▸ **WORK TASK**
Copy the records that follow exactly as written, but not their pictures.

▸ **Collected data**

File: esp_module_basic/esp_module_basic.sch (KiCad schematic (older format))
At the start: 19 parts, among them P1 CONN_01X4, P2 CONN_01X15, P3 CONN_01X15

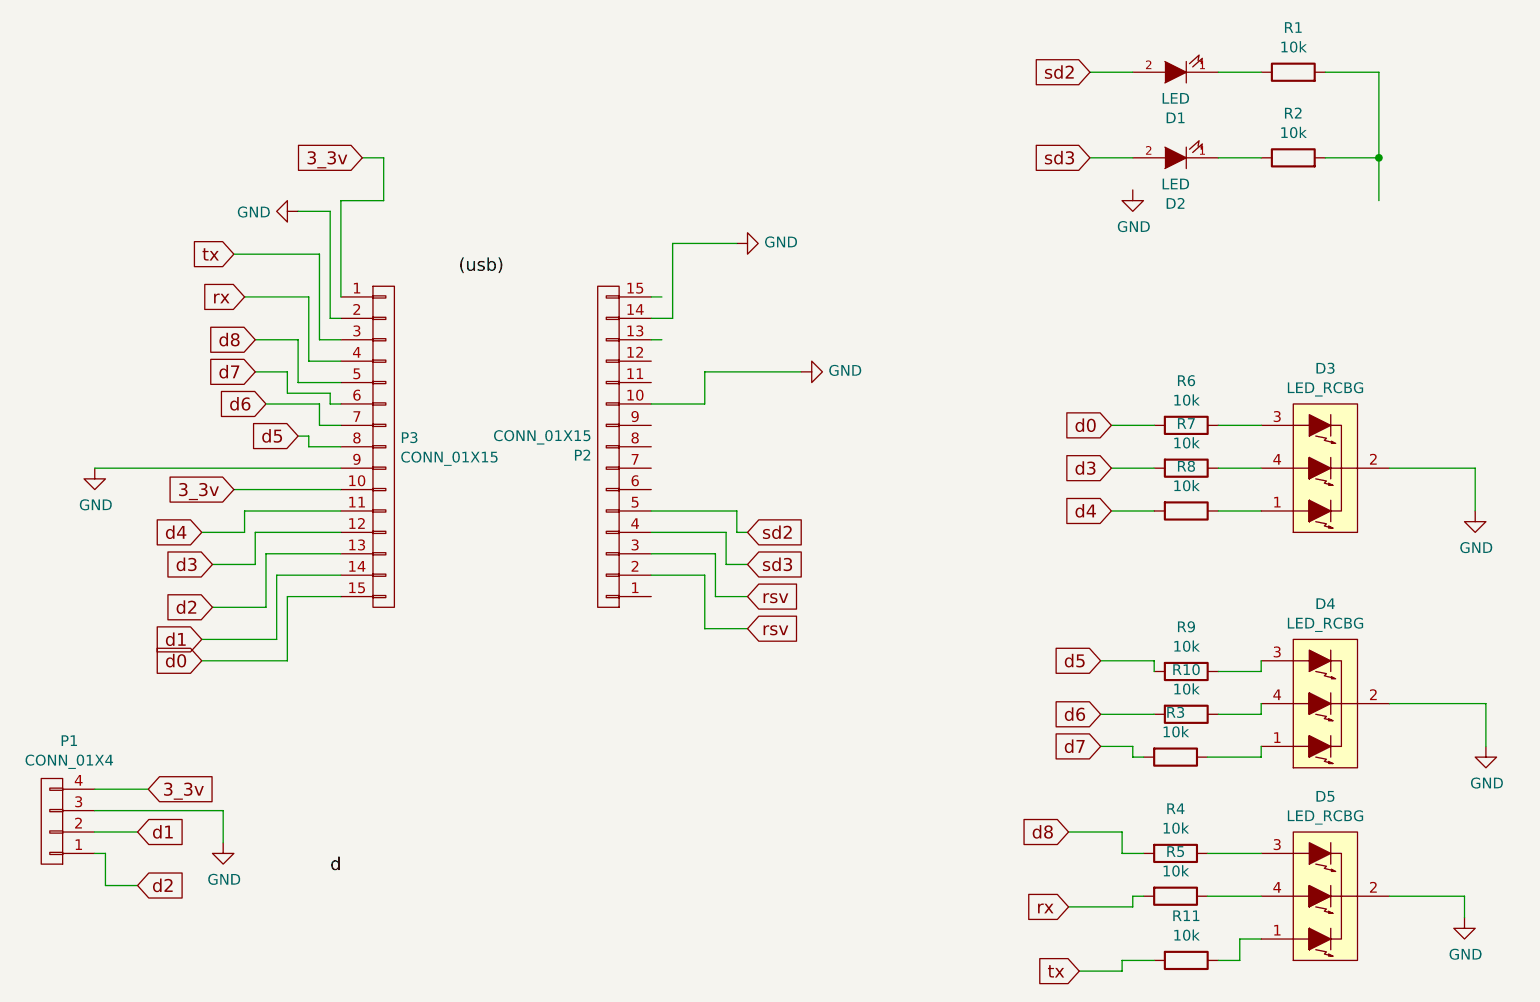
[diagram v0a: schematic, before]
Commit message: fix ground connection and fix labels for shared unconnected pins
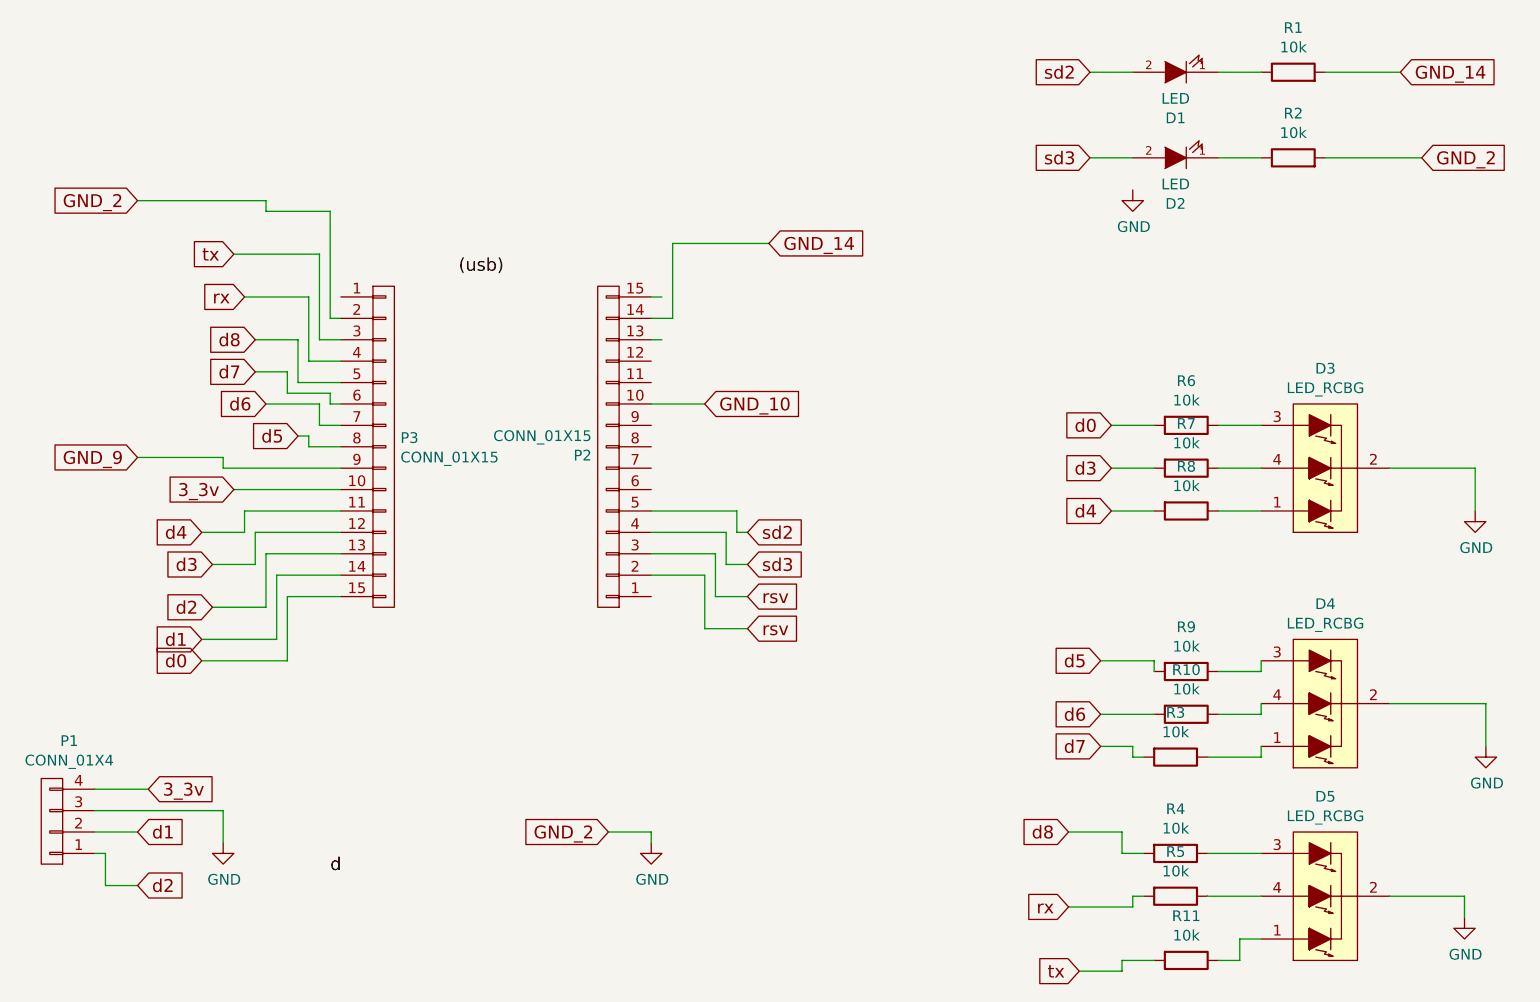
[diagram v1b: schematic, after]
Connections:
- net 3_3v: no longer P3.1 (P1)
- net GND: now also R2.2; no longer P2.10 (P10), P2.14 (P14), P3.9 (P9)
- net GND_14: now reaches R1.2
- net GND_14: now also P2.14 (P14); no longer R2.2
- new net GND_10: P2.10 (P10)
- new net GND_9: P3.9 (P9)

▸ **ANSWER BOX**
File: esp_module_basic/esp_module_basic.sch (KiCad schematic (older format))
At the start: 19 parts, among them P1 CONN_01X4, P2 CONN_01X15, P3 CONN_01X15

[diagram v0a: schematic, before]
Commit message: fix ground connection and fix labels for shared unconnected pins
[diagram v1b: schematic, after]
Connections:
- net 3_3v: no longer P3.1 (P1)
- net GND: now also R2.2; no longer P2.10 (P10), P2.14 (P14), P3.9 (P9)
- net GND_14: now reaches R1.2
- net GND_14: now also P2.14 (P14); no longer R2.2
- new net GND_10: P2.10 (P10)
- new net GND_9: P3.9 (P9)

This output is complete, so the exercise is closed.